[Stored items from a collection]
────────────────────
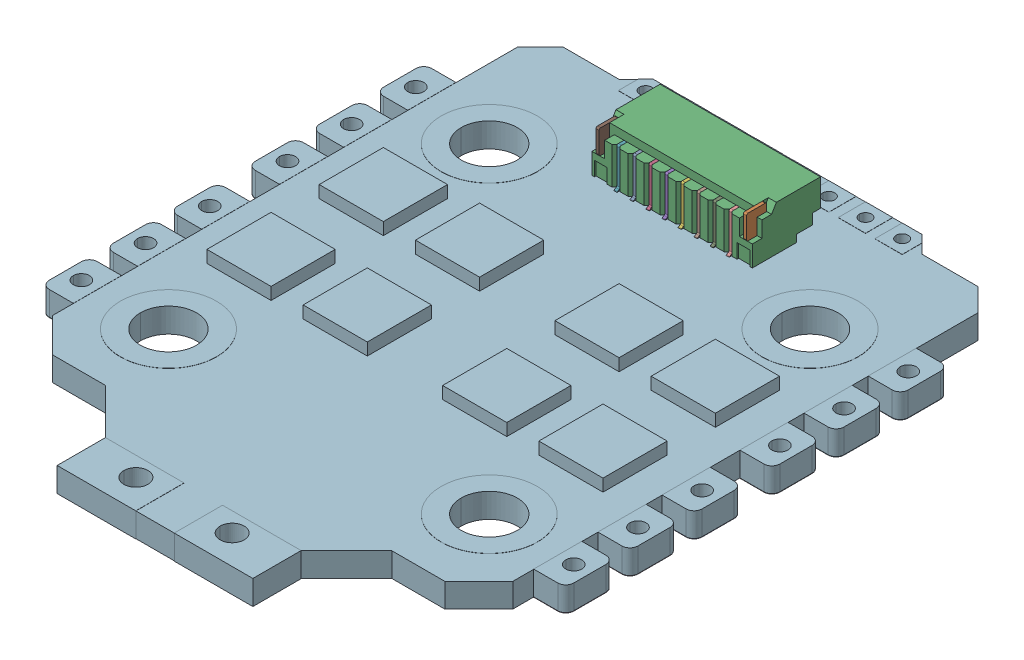
SolidWorks assembly Tekko32 F4 4in1 Mini 45A ESC V1.3 v4, configuration Défaut. Lengths in mm.
Overall size (32.7 6.36 39.43).
2 component instances, 2 part files, 0 mates.
Components (placement in the parent):
- BM8B-SRSS-TB v1-1: BM8B-SRSS-TB v1 [Défaut] at (-3.499 1.5 -32.2268) x (1 0 0) z (0 0 -1) size (10 3.6 4.3)
- Tekko32 F4 4in1 Mini 45A ESC V1.3 v4-1: Tekko32 F4 4in1 Mini 45A ESC V1.3 v4 [Défaut] at origin size (32.7 4.22 39.43)
────────────────────
WORK INSTRUCTIONS:
Copy each line of the data that contains the word "Défaut", leaving the other lines out.

TASK ANSWER:
SolidWorks assembly Tekko32 F4 4in1 Mini 45A ESC V1.3 v4, configuration Défaut. Lengths in mm.
- BM8B-SRSS-TB v1-1: BM8B-SRSS-TB v1 [Défaut] at (-3.499 1.5 -32.2268) x (1 0 0) z (0 0 -1) size (10 3.6 4.3)
- Tekko32 F4 4in1 Mini 45A ESC V1.3 v4-1: Tekko32 F4 4in1 Mini 45A ESC V1.3 v4 [Défaut] at origin size (32.7 4.22 39.43)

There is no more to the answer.